WHAT THE EXERCISE ASKS: Your answer should be every line of the records that contains the word "styles".

[Opening RECORD SET section]

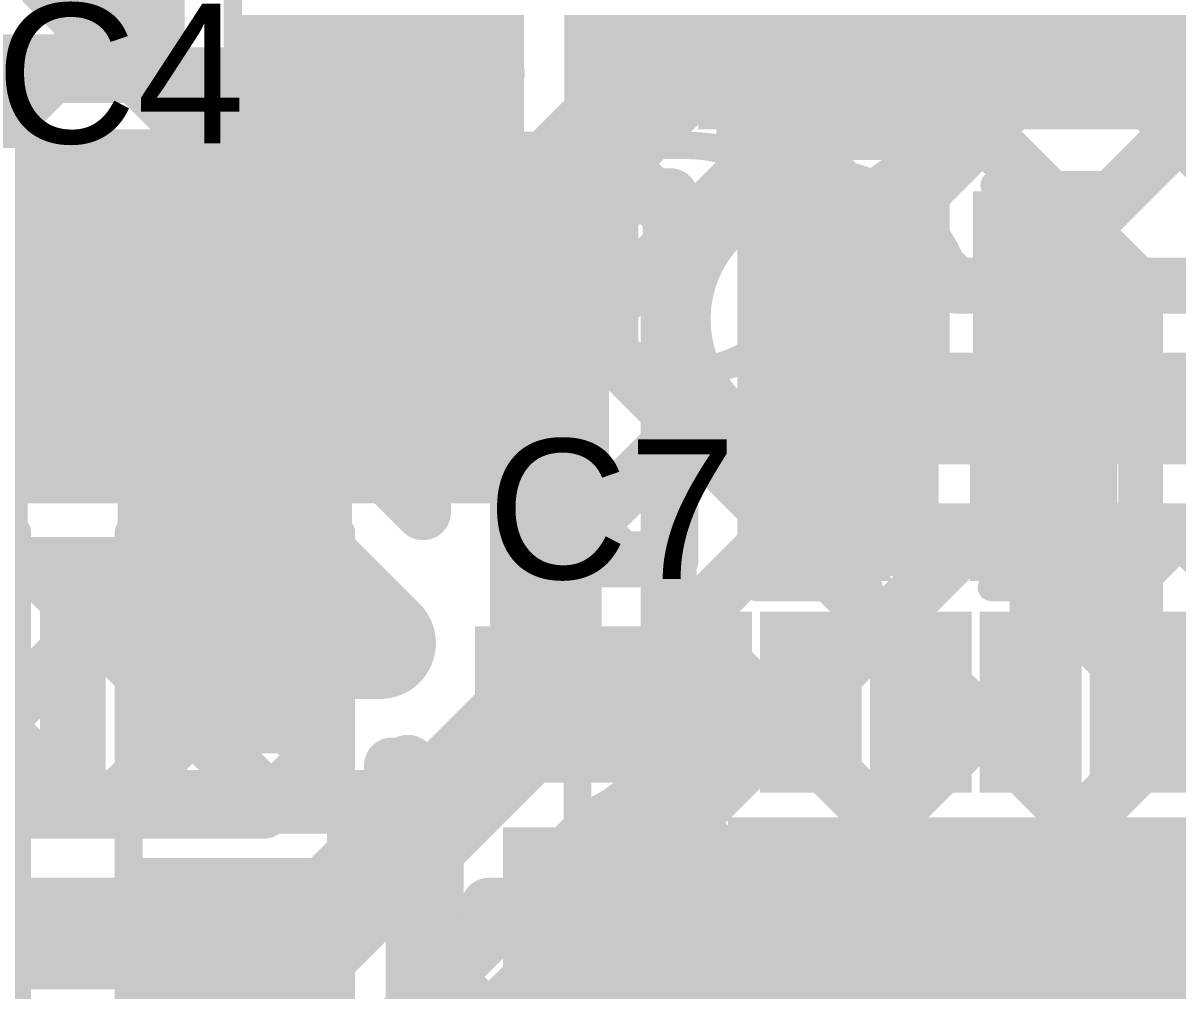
# Model space of a CAD drawing. Header units: millimetres. Extents: x 0.01 to 1.77, y 0.01 to 0.78.
# Drawn here: x 0.8551 to 1.0619, y 0.4467 to 0.62 of the extents above; entities that cross this region are included whole.
import ezdxf

# ---------------------------------------------------------------- set-up
doc = ezdxf.new("R2010")
doc.units = ezdxf.units.MM
doc.header["$MEASUREMENT"] = 0
for name, color, linetype in [('BottomLayer', 5, 'Continuous'), ('TopLayer', 1, 'Continuous'), ('TopOverlay', 2, 'Continuous'), ('TopPaste', 8, 'Continuous'), ('TopSolder', 216, 'Continuous'), ('ViaHoleLayer', 16, 'Continuous')]:
    doc.layers.add(name, color=color, linetype=linetype)
doc.styles.add('Arial', font='', dxfattribs={"height": 0.2})
doc.styles.get('Arial').set_extended_font_data('Arial')

# ---------------------------------------------------------------- blocks, each defined once
blk = doc.blocks.new('20QFN_2')
at = {"layer": 'TopLayer'}
for points in [[(-0.03287, 0.09685), (-0.02421, 0.09685), (-0.02421, 0.07244), (-0.03287, 0.07244)], [(0.02618, 0.09685), (0.03484, 0.09685), (0.03484, 0.07244), (0.02618, 0.07244)], [(-0.07717, 0.07402), (-0.05276, 0.07402), (-0.05276, 0.06378), (-0.07717, 0.06378)], [(0.05276, 0.07402), (0.07717, 0.07402), (0.07717, 0.06378), (0.05276, 0.06378)], [(-0.04035, 0.06004), (0.04035, 0.06004), (0.04035, -0.06004), (-0.04035, -0.06004)], [(-0.07717, 0.05433), (-0.05276, 0.05433), (-0.05276, 0.04409), (-0.07717, 0.04409)], [(0.05276, 0.05433), (0.07717, 0.05433), (0.07717, 0.04409), (0.05276, 0.04409)], [(-0.07717, 0.03465), (-0.05276, 0.03465), (-0.05276, 0.02441), (-0.07717, 0.02441)], [(0.05276, 0.03465), (0.07717, 0.03465), (0.07717, 0.02441), (0.05276, 0.02441)], [(-0.07717, 0.01496), (-0.05276, 0.01496), (-0.05276, 0.00472), (-0.07717, 0.00472)], [(0.05276, 0.01496), (0.07717, 0.01496), (0.07717, 0.00472), (0.05276, 0.00472)], [(-0.07717, -0.00472), (-0.05276, -0.00472), (-0.05276, -0.01496), (-0.07717, -0.01496)], [(0.05276, -0.00472), (0.07717, -0.00472), (0.07717, -0.01496), (0.05276, -0.01496)], [(-0.07717, -0.02441), (-0.05276, -0.02441), (-0.05276, -0.03465), (-0.07717, -0.03465)], [(0.05276, -0.02441), (0.07717, -0.02441), (0.07717, -0.03465), (0.05276, -0.03465)], [(-0.07717, -0.04409), (-0.05276, -0.04409), (-0.05276, -0.05433), (-0.07717, -0.05433)], [(0.05276, -0.04409), (0.07717, -0.04409), (0.07717, -0.05433), (0.05276, -0.05433)], [(-0.07717, -0.06378), (-0.05276, -0.06378), (-0.05276, -0.07402), (-0.07717, -0.07402)], [(0.05276, -0.06378), (0.07717, -0.06378), (0.07717, -0.07402), (0.05276, -0.07402)], [(-0.03287, -0.07244), (-0.02421, -0.07244), (-0.02421, -0.09685), (-0.03287, -0.09685)], [(0.02618, -0.07244), (0.03484, -0.07244), (0.03484, -0.09685), (0.02618, -0.09685)]]:
    blk.add_hatch(color=1, dxfattribs=at).paths.add_polyline_path(points)
at = {"layer": 'TopPaste'}
for points in [[(-0.03287, 0.09685), (-0.02421, 0.09685), (-0.02421, 0.07244), (-0.03287, 0.07244)], [(0.02618, 0.09685), (0.03484, 0.09685), (0.03484, 0.07244), (0.02618, 0.07244)], [(-0.07717, 0.07402), (-0.05276, 0.07402), (-0.05276, 0.06378), (-0.07717, 0.06378)], [(0.05276, 0.07402), (0.07717, 0.07402), (0.07717, 0.06378), (0.05276, 0.06378)], [(-0.04035, 0.06004), (0.04035, 0.06004), (0.04035, -0.06004), (-0.04035, -0.06004)], [(-0.07717, 0.05433), (-0.05276, 0.05433), (-0.05276, 0.04409), (-0.07717, 0.04409)], [(0.05276, 0.05433), (0.07717, 0.05433), (0.07717, 0.04409), (0.05276, 0.04409)], [(-0.07717, 0.03465), (-0.05276, 0.03465), (-0.05276, 0.02441), (-0.07717, 0.02441)], [(0.05276, 0.03465), (0.07717, 0.03465), (0.07717, 0.02441), (0.05276, 0.02441)], [(-0.07717, 0.01496), (-0.05276, 0.01496), (-0.05276, 0.00472), (-0.07717, 0.00472)], [(0.05276, 0.01496), (0.07717, 0.01496), (0.07717, 0.00472), (0.05276, 0.00472)], [(-0.07717, -0.00472), (-0.05276, -0.00472), (-0.05276, -0.01496), (-0.07717, -0.01496)], [(0.05276, -0.00472), (0.07717, -0.00472), (0.07717, -0.01496), (0.05276, -0.01496)], [(-0.07717, -0.02441), (-0.05276, -0.02441), (-0.05276, -0.03465), (-0.07717, -0.03465)], [(0.05276, -0.02441), (0.07717, -0.02441), (0.07717, -0.03465), (0.05276, -0.03465)], [(-0.07717, -0.04409), (-0.05276, -0.04409), (-0.05276, -0.05433), (-0.07717, -0.05433)], [(0.05276, -0.04409), (0.07717, -0.04409), (0.07717, -0.05433), (0.05276, -0.05433)], [(-0.07717, -0.06378), (-0.05276, -0.06378), (-0.05276, -0.07402), (-0.07717, -0.07402)], [(0.05276, -0.06378), (0.07717, -0.06378), (0.07717, -0.07402), (0.05276, -0.07402)], [(-0.03287, -0.07244), (-0.02421, -0.07244), (-0.02421, -0.09685), (-0.03287, -0.09685)], [(0.02618, -0.07244), (0.03484, -0.07244), (0.03484, -0.09685), (0.02618, -0.09685)]]:
    blk.add_hatch(color=8, dxfattribs=at).paths.add_polyline_path(points)
at = {"layer": 'TopSolder'}
for points in [[(-0.03687, 0.10085), (-0.02021, 0.10085), (-0.02021, 0.06844), (-0.03687, 0.06844)], [(0.02218, 0.10085), (0.03884, 0.10085), (0.03884, 0.06844), (0.02218, 0.06844)], [(-0.08117, 0.07802), (-0.04876, 0.07802), (-0.04876, 0.05978), (-0.08117, 0.05978)], [(0.04876, 0.07802), (0.08117, 0.07802), (0.08117, 0.05978), (0.04876, 0.05978)], [(-0.04435, 0.06404), (0.04435, 0.06404), (0.04435, -0.06404), (-0.04435, -0.06404)], [(-0.08117, 0.05833), (-0.04876, 0.05833), (-0.04876, 0.04009), (-0.08117, 0.04009)], [(0.04876, 0.05833), (0.08117, 0.05833), (0.08117, 0.04009), (0.04876, 0.04009)], [(-0.08117, 0.03865), (-0.04876, 0.03865), (-0.04876, 0.02041), (-0.08117, 0.02041)], [(0.04876, 0.03865), (0.08117, 0.03865), (0.08117, 0.02041), (0.04876, 0.02041)], [(-0.08117, 0.01896), (-0.04876, 0.01896), (-0.04876, 0.00072), (-0.08117, 0.00072)], [(0.04876, 0.01896), (0.08117, 0.01896), (0.08117, 0.00072), (0.04876, 0.00072)], [(-0.08117, -0.00072), (-0.04876, -0.00072), (-0.04876, -0.01896), (-0.08117, -0.01896)], [(0.04876, -0.00072), (0.08117, -0.00072), (0.08117, -0.01896), (0.04876, -0.01896)], [(-0.08117, -0.02041), (-0.04876, -0.02041), (-0.04876, -0.03865), (-0.08117, -0.03865)], [(0.04876, -0.02041), (0.08117, -0.02041), (0.08117, -0.03865), (0.04876, -0.03865)], [(-0.08117, -0.04009), (-0.04876, -0.04009), (-0.04876, -0.05833), (-0.08117, -0.05833)], [(0.04876, -0.04009), (0.08117, -0.04009), (0.08117, -0.05833), (0.04876, -0.05833)], [(-0.08117, -0.05978), (-0.04876, -0.05978), (-0.04876, -0.07802), (-0.08117, -0.07802)], [(0.04876, -0.05978), (0.08117, -0.05978), (0.08117, -0.07802), (0.04876, -0.07802)], [(-0.03687, -0.06844), (-0.02021, -0.06844), (-0.02021, -0.10085), (-0.03687, -0.10085)], [(0.02218, -0.06844), (0.03884, -0.06844), (0.03884, -0.10085), (0.02218, -0.10085)]]:
    blk.add_hatch(color=216, dxfattribs=at).paths.add_polyline_path(points)
at = {"layer": 'TopOverlay'}
for points, const_width in [([(-0.042, 0.1, 1), (-0.048, 0.1, 1)], 0.005), ([(-0.04925, 0.1, 1), (-0.04675, 0.1, 1)], 0.0025), ([(-0.04325, 0.1, 1), (-0.04075, 0.1, 1)], 0.0025), ([(-0.07125, 0.091, 1), (-0.06875, 0.091, 1)], 0.0025), ([(-0.07125, 0.091, 1), (-0.06875, 0.091, 1)], 0.0025), ([(-0.04325, 0.091, 1), (-0.04075, 0.091, 1)], 0.0025), ([(0.04275, 0.091, 1), (0.04525, 0.091, 1)], 0.0025), ([(0.07075, 0.091, 1), (0.07325, 0.091, 1)], 0.0025), ([(0.07075, 0.091, 1), (0.07325, 0.091, 1)], 0.0025), ([(-0.07125, 0.082, 1), (-0.06875, 0.082, 1)], 0.0025), ([(0.07075, 0.082, 1), (0.07325, 0.082, 1)], 0.0025), ([(-0.07125, -0.082, 1), (-0.06875, -0.082, 1)], 0.0025), ([(0.07075, -0.082, 1), (0.07325, -0.082, 1)], 0.0025), ([(-0.07125, -0.091, 1), (-0.06875, -0.091, 1)], 0.0025), ([(-0.07125, -0.091, 1), (-0.06875, -0.091, 1)], 0.0025), ([(-0.04325, -0.091, 1), (-0.04075, -0.091, 1)], 0.0025), ([(0.04275, -0.091, 1), (0.04525, -0.091, 1)], 0.0025), ([(0.07075, -0.091, 1), (0.07325, -0.091, 1)], 0.0025), ([(0.07075, -0.091, 1), (0.07325, -0.091, 1)], 0.0025)]:
    blk.add_lwpolyline(points, format="xyb", close=True, dxfattribs=dict(at, const_width=const_width))
at = {"layer": 'TopOverlay', "const_width": 0.005}
for points in [[(-0.042, 0.091), (-0.07, 0.091)], [(-0.07, 0.082), (-0.07, 0.091)], [(0.072, 0.091), (0.044, 0.091)], [(0.072, 0.082), (0.072, 0.091)], [(-0.07, -0.091), (-0.07, -0.082)], [(0.072, -0.091), (0.072, -0.082)], [(-0.042, -0.091), (-0.07, -0.091)], [(0.072, -0.091), (0.044, -0.091)]]:
    blk.add_lwpolyline(points, dxfattribs=at)
blk = doc.blocks.new('LED_0603_34')
at = {"layer": 'TopLayer'}
for points in [[(-0.04567, 0.01614), (-0.01339, 0.01614), (-0.01339, -0.01614), (-0.04567, -0.01614)], [(0.01339, 0.01614), (0.04567, 0.01614), (0.04567, -0.01614), (0.01339, -0.01614)]]:
    blk.add_hatch(color=1, dxfattribs=at).paths.add_polyline_path(points)
at = {"layer": 'TopOverlay'}
blk.add_hatch(color=2, dxfattribs=at).paths.add_polyline_path([(0.07191, 0.02108), (0.04991, 0.02108), (0.04991, -0.02092), (0.07191, -0.02092)])
at = {"layer": 'TopPaste'}
for points in [[(-0.04567, 0.01614), (-0.01339, 0.01614), (-0.01339, -0.01614), (-0.04567, -0.01614)], [(0.01339, 0.01614), (0.04567, 0.01614), (0.04567, -0.01614), (0.01339, -0.01614)]]:
    blk.add_hatch(color=8, dxfattribs=at).paths.add_polyline_path(points)
at = {"layer": 'TopSolder'}
for points in [[(-0.04967, 0.02014), (-0.00939, 0.02014), (-0.00939, -0.02014), (-0.04967, -0.02014)], [(0.00939, 0.02014), (0.04967, 0.02014), (0.04967, -0.02014), (0.00939, -0.02014)]]:
    blk.add_hatch(color=216, dxfattribs=at).paths.add_polyline_path(points)
at = {"layer": 'TopOverlay', "const_width": 0.005}
for points in [[(-0.049, 0.019), (-0.049, -0.019)], [(-0.049, 0.019), (0.049, 0.019)], [(0.049, 0.019), (0.049, -0.019)], [(-0.049, -0.019), (0.049, -0.019)]]:
    blk.add_lwpolyline(points, dxfattribs=at)
at = {"layer": 'TopOverlay', "const_width": 0.0025}
for points in [[(-0.05025, 0.019, 1), (-0.04775, 0.019, 1)], [(-0.05025, 0.019, 1), (-0.04775, 0.019, 1)], [(0.04775, 0.019, 1), (0.05025, 0.019, 1)], [(0.04775, 0.019, 1), (0.05025, 0.019, 1)], [(-0.05025, -0.019, 1), (-0.04775, -0.019, 1)], [(-0.05025, -0.019, 1), (-0.04775, -0.019, 1)], [(0.04775, -0.019, 1), (0.05025, -0.019, 1)], [(0.04775, -0.019, 1), (0.05025, -0.019, 1)]]:
    blk.add_lwpolyline(points, format="xyb", close=True, dxfattribs=at)
blk = doc.blocks.new('LED_0603_35')
at = {"layer": 'TopLayer'}
for points in [[(-0.04567, 0.01614), (-0.01339, 0.01614), (-0.01339, -0.01614), (-0.04567, -0.01614)], [(0.01339, 0.01614), (0.04567, 0.01614), (0.04567, -0.01614), (0.01339, -0.01614)]]:
    blk.add_hatch(color=1, dxfattribs=at).paths.add_polyline_path(points)
at = {"layer": 'TopOverlay'}
blk.add_hatch(color=2, dxfattribs=at).paths.add_polyline_path([(0.072, 0.021), (0.05, 0.021), (0.05, -0.021), (0.072, -0.021)])
at = {"layer": 'TopPaste'}
for points in [[(-0.04567, 0.01614), (-0.01339, 0.01614), (-0.01339, -0.01614), (-0.04567, -0.01614)], [(0.01339, 0.01614), (0.04567, 0.01614), (0.04567, -0.01614), (0.01339, -0.01614)]]:
    blk.add_hatch(color=8, dxfattribs=at).paths.add_polyline_path(points)
at = {"layer": 'TopSolder'}
for points in [[(-0.04967, 0.02014), (-0.00939, 0.02014), (-0.00939, -0.02014), (-0.04967, -0.02014)], [(0.00939, 0.02014), (0.04967, 0.02014), (0.04967, -0.02014), (0.00939, -0.02014)]]:
    blk.add_hatch(color=216, dxfattribs=at).paths.add_polyline_path(points)
at = {"layer": 'TopOverlay', "const_width": 0.005}
for points in [[(-0.049, 0.019), (-0.049, -0.019)], [(-0.049, 0.019), (0.049, 0.019)], [(0.049, 0.019), (0.049, -0.019)], [(-0.049, -0.019), (0.049, -0.019)]]:
    blk.add_lwpolyline(points, dxfattribs=at)
at = {"layer": 'TopOverlay', "const_width": 0.0025}
for points in [[(-0.05025, 0.019, 1), (-0.04775, 0.019, 1)], [(-0.05025, 0.019, 1), (-0.04775, 0.019, 1)], [(0.04775, 0.019, 1), (0.05025, 0.019, 1)], [(0.04775, 0.019, 1), (0.05025, 0.019, 1)], [(-0.05025, -0.019, 1), (-0.04775, -0.019, 1)], [(-0.05025, -0.019, 1), (-0.04775, -0.019, 1)], [(0.04775, -0.019, 1), (0.05025, -0.019, 1)], [(0.04775, -0.019, 1), (0.05025, -0.019, 1)]]:
    blk.add_lwpolyline(points, format="xyb", close=True, dxfattribs=at)
blk = doc.blocks.new('SMA_40')
at = {"layer": 'TopLayer'}
blk.add_hatch(color=1, dxfattribs=at).paths.add_polyline_path([(0.02953, 0.03346), (0.12795, 0.03346), (0.12795, -0.03346), (0.02953, -0.03346)])
at = {"layer": 'TopPaste'}
blk.add_hatch(color=8, dxfattribs=at).paths.add_polyline_path([(0.02953, 0.03346), (0.12795, 0.03346), (0.12795, -0.03346), (0.02953, -0.03346)])
at = {"layer": 'TopSolder'}
blk.add_hatch(color=216, dxfattribs=at).paths.add_polyline_path([(0.02553, 0.03746), (0.13195, 0.03746), (0.13195, -0.03746), (0.02553, -0.03746)])
blk = doc.blocks.new('C__0402_55')
at = {"layer": 'TopLayer'}
for points in [[(-0.0275, -0.0125), (-0.0275, 0.0125), (-0.0095, 0.0125), (-0.0095, -0.0125)], [(0.0095, -0.0125), (0.0095, 0.0125), (0.0275, 0.0125), (0.0275, -0.0125)]]:
    blk.add_hatch(color=1, dxfattribs=at).paths.add_polyline_path(points)
at = {"layer": 'TopPaste'}
for points in [[(-0.0275, -0.0125), (-0.0275, 0.0125), (-0.0095, 0.0125), (-0.0095, -0.0125)], [(0.0095, -0.0125), (0.0095, 0.0125), (0.0275, 0.0125), (0.0275, -0.0125)]]:
    blk.add_hatch(color=8, dxfattribs=at).paths.add_polyline_path(points)
at = {"layer": 'TopSolder'}
for points in [[(-0.02986, -0.01486), (-0.02986, 0.01486), (-0.00714, 0.01486), (-0.00714, -0.01486)], [(0.00714, -0.01486), (0.00714, 0.01486), (0.02986, 0.01486), (0.02986, -0.01486)]]:
    blk.add_hatch(color=216, dxfattribs=at).paths.add_polyline_path(points)
at = {"layer": 'TopOverlay', "const_width": 0.005}
for points in [[(-0.031, 0.016), (-0.011, 0.016)], [(-0.031, -0.016), (-0.031, 0.016)], [(0.011, 0.016), (0.031, 0.016)], [(0.031, -0.016), (0.031, 0.016)], [(-0.031, -0.016), (-0.011, -0.016)], [(0.011, -0.016), (0.031, -0.016)]]:
    blk.add_lwpolyline(points, dxfattribs=at)
at = {"layer": 'TopOverlay', "const_width": 0.0025}
for points in [[(-0.03225, 0.016, 1), (-0.02975, 0.016, 1)], [(-0.03225, 0.016, 1), (-0.02975, 0.016, 1)], [(-0.01225, 0.016, 1), (-0.00975, 0.016, 1)], [(0.00975, 0.016, 1), (0.01225, 0.016, 1)], [(0.02975, 0.016, 1), (0.03225, 0.016, 1)], [(0.02975, 0.016, 1), (0.03225, 0.016, 1)], [(-0.03225, -0.016, 1), (-0.02975, -0.016, 1)], [(-0.03225, -0.016, 1), (-0.02975, -0.016, 1)], [(-0.01225, -0.016, 1), (-0.00975, -0.016, 1)], [(0.00975, -0.016, 1), (0.01225, -0.016, 1)], [(0.02975, -0.016, 1), (0.03225, -0.016, 1)], [(0.02975, -0.016, 1), (0.03225, -0.016, 1)]]:
    blk.add_lwpolyline(points, format="xyb", close=True, dxfattribs=at)
blk = doc.blocks.new('C__0402_57')
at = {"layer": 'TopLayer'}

[Closing RECORD SET section]

COMPLETED TASK:
doc.styles.add('Arial', font='', dxfattribs={"height": 0.2})
doc.styles.get('Arial').set_extended_font_data('Arial')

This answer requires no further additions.